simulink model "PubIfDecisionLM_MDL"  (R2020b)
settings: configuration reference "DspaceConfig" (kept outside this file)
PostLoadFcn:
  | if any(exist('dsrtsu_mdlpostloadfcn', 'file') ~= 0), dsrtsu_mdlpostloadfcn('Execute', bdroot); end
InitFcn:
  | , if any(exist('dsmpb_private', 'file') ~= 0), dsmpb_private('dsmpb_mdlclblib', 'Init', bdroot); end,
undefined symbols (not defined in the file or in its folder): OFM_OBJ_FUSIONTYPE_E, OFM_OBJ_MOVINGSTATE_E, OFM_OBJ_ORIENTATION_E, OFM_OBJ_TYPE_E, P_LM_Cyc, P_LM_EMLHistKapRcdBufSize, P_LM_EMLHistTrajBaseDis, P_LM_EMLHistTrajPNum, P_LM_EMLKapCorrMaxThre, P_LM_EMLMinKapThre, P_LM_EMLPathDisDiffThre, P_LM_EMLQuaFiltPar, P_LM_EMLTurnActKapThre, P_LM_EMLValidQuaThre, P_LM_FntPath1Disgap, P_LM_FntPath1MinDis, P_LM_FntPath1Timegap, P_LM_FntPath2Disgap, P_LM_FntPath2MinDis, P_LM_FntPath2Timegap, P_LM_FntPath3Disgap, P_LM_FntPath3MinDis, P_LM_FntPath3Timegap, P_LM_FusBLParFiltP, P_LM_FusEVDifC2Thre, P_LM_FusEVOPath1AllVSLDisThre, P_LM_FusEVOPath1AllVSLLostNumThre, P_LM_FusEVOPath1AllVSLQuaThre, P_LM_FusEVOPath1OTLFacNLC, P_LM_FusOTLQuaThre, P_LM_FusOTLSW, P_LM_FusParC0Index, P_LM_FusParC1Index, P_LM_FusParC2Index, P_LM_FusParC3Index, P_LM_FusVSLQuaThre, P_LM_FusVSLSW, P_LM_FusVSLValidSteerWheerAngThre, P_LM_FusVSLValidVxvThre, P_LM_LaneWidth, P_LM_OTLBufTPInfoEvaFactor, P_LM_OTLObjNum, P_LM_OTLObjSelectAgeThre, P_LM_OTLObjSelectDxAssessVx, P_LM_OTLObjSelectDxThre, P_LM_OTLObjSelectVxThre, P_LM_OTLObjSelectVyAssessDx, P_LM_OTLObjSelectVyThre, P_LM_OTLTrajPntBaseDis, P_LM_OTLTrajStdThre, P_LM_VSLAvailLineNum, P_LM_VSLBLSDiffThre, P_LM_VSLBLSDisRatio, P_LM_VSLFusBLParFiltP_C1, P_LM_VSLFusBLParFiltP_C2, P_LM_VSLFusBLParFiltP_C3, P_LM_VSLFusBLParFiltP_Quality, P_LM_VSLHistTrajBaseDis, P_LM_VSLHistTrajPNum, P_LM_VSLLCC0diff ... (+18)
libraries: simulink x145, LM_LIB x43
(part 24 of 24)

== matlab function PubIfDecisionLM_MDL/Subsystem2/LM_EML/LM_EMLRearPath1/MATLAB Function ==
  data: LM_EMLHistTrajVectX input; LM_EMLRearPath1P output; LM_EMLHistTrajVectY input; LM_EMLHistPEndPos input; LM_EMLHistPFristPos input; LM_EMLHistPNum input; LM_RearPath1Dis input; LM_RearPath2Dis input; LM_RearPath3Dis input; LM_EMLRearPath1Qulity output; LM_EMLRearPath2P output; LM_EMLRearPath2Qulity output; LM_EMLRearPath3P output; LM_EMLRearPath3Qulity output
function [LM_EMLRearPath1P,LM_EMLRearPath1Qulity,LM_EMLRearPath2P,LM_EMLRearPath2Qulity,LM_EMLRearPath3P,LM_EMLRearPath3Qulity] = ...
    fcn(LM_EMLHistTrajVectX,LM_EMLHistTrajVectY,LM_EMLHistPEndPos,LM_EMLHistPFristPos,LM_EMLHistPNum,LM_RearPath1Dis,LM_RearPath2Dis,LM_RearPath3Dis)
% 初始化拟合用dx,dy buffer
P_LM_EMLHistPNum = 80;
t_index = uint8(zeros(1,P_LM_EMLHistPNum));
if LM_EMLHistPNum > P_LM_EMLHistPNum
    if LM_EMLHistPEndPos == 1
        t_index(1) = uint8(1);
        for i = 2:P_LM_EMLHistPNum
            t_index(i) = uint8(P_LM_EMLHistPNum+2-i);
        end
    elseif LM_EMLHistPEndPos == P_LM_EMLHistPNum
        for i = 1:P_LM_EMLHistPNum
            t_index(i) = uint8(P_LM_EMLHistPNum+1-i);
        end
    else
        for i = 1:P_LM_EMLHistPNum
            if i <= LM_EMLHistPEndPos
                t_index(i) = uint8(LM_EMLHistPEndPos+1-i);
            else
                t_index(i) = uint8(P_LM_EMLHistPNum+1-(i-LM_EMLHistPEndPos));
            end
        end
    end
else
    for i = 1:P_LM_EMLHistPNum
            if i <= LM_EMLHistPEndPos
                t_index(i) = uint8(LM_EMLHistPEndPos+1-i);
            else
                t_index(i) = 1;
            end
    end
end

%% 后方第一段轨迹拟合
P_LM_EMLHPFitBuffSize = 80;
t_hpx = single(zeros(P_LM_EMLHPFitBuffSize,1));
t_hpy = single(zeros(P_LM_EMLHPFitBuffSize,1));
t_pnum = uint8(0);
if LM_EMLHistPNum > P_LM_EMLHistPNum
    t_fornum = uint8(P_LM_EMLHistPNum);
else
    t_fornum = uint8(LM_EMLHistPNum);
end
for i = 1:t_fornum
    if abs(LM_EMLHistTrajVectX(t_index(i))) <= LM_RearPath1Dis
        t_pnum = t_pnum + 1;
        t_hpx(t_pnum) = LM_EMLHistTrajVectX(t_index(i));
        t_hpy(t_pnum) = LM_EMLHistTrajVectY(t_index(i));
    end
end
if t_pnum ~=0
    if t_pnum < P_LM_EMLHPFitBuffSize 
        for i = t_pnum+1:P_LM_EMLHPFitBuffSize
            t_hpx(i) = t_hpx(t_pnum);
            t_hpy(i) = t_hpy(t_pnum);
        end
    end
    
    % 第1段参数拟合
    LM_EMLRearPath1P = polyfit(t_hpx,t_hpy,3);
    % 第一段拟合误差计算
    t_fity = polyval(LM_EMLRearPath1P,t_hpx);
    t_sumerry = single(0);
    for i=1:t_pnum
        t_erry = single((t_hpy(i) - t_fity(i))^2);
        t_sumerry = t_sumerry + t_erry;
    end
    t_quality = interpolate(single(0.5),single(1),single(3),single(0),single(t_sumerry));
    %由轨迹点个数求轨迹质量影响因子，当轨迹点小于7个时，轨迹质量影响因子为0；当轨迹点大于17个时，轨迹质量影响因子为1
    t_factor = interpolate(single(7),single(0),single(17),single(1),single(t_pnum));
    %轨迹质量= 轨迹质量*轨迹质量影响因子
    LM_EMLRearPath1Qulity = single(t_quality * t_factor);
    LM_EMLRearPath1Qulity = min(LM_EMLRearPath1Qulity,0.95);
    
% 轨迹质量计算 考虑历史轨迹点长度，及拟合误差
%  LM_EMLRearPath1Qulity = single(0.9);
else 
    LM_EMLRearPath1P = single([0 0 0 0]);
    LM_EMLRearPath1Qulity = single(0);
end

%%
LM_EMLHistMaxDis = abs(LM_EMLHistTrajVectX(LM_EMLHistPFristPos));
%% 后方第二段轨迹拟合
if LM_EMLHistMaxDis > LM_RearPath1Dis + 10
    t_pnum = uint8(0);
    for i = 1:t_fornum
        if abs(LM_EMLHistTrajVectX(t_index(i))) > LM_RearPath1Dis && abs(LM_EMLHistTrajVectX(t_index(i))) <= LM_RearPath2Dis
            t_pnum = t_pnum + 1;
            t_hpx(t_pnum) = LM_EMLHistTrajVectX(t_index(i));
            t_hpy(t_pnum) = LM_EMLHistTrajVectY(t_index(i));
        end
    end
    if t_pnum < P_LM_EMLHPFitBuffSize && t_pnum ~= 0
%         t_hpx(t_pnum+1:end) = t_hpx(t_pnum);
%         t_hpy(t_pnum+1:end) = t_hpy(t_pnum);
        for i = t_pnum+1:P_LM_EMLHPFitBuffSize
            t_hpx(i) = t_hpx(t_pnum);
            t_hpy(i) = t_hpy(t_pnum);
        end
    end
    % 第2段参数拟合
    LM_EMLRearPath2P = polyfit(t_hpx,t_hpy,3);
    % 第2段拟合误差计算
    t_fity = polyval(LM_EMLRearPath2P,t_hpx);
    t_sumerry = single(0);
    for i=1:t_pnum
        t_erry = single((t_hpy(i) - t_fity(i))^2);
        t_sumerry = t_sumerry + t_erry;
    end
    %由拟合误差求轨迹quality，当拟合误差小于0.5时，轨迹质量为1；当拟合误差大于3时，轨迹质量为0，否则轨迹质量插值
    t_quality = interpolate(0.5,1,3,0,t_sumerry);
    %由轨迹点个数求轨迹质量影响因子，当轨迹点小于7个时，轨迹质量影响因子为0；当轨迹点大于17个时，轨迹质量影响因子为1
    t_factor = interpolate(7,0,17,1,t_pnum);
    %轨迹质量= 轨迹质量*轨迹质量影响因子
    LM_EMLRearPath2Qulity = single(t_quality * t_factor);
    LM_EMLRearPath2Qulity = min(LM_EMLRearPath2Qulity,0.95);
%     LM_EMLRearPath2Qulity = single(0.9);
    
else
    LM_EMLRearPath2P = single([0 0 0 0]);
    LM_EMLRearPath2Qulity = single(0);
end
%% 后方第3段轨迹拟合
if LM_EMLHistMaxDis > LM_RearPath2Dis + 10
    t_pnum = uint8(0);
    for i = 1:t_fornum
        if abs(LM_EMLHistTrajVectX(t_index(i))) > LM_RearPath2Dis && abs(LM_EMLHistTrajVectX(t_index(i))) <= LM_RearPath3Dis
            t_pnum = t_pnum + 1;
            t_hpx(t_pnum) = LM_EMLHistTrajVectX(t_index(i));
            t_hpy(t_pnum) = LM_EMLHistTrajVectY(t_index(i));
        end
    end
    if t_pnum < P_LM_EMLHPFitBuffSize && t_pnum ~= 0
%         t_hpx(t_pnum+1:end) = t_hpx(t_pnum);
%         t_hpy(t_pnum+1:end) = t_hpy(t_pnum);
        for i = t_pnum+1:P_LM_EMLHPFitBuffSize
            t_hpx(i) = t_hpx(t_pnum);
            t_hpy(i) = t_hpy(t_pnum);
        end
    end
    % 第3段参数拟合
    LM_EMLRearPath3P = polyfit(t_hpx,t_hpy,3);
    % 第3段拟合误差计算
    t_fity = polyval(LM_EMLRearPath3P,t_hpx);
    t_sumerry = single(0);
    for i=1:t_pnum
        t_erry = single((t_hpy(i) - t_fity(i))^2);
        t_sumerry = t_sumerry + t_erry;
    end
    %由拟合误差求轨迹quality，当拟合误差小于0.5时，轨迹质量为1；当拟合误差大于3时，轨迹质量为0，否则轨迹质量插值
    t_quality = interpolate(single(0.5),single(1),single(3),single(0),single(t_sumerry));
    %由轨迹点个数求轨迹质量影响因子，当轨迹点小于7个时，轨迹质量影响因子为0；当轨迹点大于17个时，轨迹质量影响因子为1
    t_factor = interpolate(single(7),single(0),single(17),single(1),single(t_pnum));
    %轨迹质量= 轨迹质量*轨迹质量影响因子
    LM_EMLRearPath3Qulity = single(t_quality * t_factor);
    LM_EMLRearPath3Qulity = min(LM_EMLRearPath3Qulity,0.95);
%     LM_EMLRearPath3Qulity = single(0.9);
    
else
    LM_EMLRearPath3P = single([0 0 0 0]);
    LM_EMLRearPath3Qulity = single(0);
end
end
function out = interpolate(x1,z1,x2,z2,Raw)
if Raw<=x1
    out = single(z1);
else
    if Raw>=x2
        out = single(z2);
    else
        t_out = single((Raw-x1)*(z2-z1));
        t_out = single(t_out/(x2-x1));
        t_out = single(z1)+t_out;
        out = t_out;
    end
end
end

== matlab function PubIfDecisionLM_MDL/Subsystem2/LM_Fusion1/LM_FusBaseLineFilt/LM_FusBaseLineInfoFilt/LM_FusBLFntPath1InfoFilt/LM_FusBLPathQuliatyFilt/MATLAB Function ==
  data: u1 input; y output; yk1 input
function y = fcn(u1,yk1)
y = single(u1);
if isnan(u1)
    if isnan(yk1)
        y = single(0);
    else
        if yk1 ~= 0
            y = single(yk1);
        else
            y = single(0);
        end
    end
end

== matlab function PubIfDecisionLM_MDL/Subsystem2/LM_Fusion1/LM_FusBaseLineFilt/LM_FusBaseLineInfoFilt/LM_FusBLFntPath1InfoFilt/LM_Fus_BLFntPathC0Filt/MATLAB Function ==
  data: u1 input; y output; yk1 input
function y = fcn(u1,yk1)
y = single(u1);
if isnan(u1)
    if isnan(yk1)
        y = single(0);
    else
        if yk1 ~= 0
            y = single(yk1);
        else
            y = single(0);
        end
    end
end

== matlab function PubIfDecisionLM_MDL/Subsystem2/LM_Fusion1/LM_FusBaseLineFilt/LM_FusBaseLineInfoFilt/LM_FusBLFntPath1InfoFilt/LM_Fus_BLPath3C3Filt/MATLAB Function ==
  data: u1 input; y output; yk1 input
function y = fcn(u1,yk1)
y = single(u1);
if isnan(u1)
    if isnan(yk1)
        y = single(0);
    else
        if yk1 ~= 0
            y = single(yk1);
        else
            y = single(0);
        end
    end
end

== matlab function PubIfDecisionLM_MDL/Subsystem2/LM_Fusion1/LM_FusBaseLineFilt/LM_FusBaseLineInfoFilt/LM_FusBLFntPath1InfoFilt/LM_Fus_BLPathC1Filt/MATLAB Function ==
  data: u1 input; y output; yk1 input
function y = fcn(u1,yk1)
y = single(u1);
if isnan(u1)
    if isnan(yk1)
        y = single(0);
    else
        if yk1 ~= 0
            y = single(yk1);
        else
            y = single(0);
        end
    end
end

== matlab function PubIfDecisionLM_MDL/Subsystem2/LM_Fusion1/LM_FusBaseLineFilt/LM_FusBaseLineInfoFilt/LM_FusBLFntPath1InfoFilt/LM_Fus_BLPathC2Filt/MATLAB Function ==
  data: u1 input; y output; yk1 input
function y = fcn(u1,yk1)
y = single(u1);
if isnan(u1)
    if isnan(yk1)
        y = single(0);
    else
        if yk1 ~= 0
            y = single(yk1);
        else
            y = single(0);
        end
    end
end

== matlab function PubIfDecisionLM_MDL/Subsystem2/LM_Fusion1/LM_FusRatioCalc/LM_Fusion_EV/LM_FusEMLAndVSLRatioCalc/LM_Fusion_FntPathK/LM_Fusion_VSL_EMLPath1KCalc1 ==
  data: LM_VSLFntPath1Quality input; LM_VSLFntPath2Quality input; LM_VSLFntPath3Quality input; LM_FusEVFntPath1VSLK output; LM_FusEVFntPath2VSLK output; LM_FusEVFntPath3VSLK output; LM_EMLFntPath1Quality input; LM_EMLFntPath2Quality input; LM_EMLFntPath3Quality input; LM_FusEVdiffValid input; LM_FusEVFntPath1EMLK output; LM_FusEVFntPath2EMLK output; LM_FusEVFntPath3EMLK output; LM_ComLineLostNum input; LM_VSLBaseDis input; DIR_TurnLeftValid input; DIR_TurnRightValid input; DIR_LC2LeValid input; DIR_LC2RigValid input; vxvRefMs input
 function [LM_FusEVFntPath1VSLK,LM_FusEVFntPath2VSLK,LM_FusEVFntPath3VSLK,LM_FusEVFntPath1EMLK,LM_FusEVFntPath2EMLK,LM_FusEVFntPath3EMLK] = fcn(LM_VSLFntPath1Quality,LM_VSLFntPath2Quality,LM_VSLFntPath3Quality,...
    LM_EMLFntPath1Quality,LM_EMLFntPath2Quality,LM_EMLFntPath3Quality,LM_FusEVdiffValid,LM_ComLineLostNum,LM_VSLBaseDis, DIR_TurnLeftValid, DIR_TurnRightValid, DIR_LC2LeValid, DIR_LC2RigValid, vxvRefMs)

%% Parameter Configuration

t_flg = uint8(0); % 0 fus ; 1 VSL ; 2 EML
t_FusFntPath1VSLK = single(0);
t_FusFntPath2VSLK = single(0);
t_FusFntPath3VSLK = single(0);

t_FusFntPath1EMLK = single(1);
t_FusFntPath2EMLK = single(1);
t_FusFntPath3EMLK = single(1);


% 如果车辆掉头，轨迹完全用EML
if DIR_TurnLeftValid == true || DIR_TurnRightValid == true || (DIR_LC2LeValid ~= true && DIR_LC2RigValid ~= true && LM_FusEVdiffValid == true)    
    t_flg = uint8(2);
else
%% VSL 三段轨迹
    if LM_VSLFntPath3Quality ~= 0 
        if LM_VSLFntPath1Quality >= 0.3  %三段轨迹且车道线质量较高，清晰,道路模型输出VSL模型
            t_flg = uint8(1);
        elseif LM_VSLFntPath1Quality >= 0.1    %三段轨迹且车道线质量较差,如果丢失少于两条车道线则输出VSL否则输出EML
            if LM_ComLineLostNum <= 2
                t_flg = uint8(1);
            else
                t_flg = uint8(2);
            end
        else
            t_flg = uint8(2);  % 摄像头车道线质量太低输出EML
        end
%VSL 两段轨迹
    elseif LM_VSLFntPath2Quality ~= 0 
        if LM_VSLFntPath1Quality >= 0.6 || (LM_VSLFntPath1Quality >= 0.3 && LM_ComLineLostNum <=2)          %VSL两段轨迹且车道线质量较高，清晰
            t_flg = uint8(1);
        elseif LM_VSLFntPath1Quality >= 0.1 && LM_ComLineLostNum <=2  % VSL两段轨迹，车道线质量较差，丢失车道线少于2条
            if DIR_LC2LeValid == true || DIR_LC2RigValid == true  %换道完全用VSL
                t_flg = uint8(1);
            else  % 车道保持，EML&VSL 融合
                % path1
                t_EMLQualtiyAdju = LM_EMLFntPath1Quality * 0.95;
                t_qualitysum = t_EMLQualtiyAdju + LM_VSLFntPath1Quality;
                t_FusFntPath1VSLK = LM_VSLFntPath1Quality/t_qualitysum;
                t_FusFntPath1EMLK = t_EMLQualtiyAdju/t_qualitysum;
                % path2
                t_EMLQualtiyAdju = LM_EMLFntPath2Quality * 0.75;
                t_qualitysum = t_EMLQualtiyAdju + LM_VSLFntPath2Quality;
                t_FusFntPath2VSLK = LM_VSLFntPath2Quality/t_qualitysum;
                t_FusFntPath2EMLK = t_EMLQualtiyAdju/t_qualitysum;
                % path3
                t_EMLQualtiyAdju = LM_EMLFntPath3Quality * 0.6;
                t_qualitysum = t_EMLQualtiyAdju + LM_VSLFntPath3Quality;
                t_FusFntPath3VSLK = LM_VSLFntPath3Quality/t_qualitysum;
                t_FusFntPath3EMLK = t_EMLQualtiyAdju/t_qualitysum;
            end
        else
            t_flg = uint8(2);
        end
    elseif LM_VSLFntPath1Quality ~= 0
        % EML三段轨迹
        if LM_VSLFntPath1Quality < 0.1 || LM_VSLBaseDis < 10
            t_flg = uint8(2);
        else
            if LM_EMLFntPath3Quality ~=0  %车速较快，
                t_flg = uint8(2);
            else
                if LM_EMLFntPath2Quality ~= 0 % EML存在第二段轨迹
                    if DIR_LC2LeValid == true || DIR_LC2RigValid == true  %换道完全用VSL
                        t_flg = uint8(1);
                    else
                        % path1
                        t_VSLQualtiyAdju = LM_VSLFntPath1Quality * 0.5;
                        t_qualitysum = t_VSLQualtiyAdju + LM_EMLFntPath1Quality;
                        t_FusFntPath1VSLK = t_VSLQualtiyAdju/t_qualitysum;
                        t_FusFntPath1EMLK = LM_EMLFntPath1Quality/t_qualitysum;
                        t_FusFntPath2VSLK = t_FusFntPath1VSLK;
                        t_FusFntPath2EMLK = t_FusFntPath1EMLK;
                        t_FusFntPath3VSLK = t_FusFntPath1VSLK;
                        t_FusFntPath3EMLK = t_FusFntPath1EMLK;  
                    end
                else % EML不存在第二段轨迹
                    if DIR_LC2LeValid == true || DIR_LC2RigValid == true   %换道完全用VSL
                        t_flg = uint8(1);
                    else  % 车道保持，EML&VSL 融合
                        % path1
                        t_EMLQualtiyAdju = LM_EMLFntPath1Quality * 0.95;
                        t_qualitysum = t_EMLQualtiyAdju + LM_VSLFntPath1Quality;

::::

**Exercise goal**.
Up to and including the line that contains "if any(exist('dsmpb_private', 'file')", restate each line of the material above word for word, beginning with its first line.

**Result of the task**.
simulink model "PubIfDecisionLM_MDL"  (R2020b)
settings: configuration reference "DspaceConfig" (kept outside this file)
PostLoadFcn:
  | if any(exist('dsrtsu_mdlpostloadfcn', 'file') ~= 0), dsrtsu_mdlpostloadfcn('Execute', bdroot); end
InitFcn:
  | , if any(exist('dsmpb_private', 'file') ~= 0), dsmpb_private('dsmpb_mdlclblib', 'Init', bdroot); end,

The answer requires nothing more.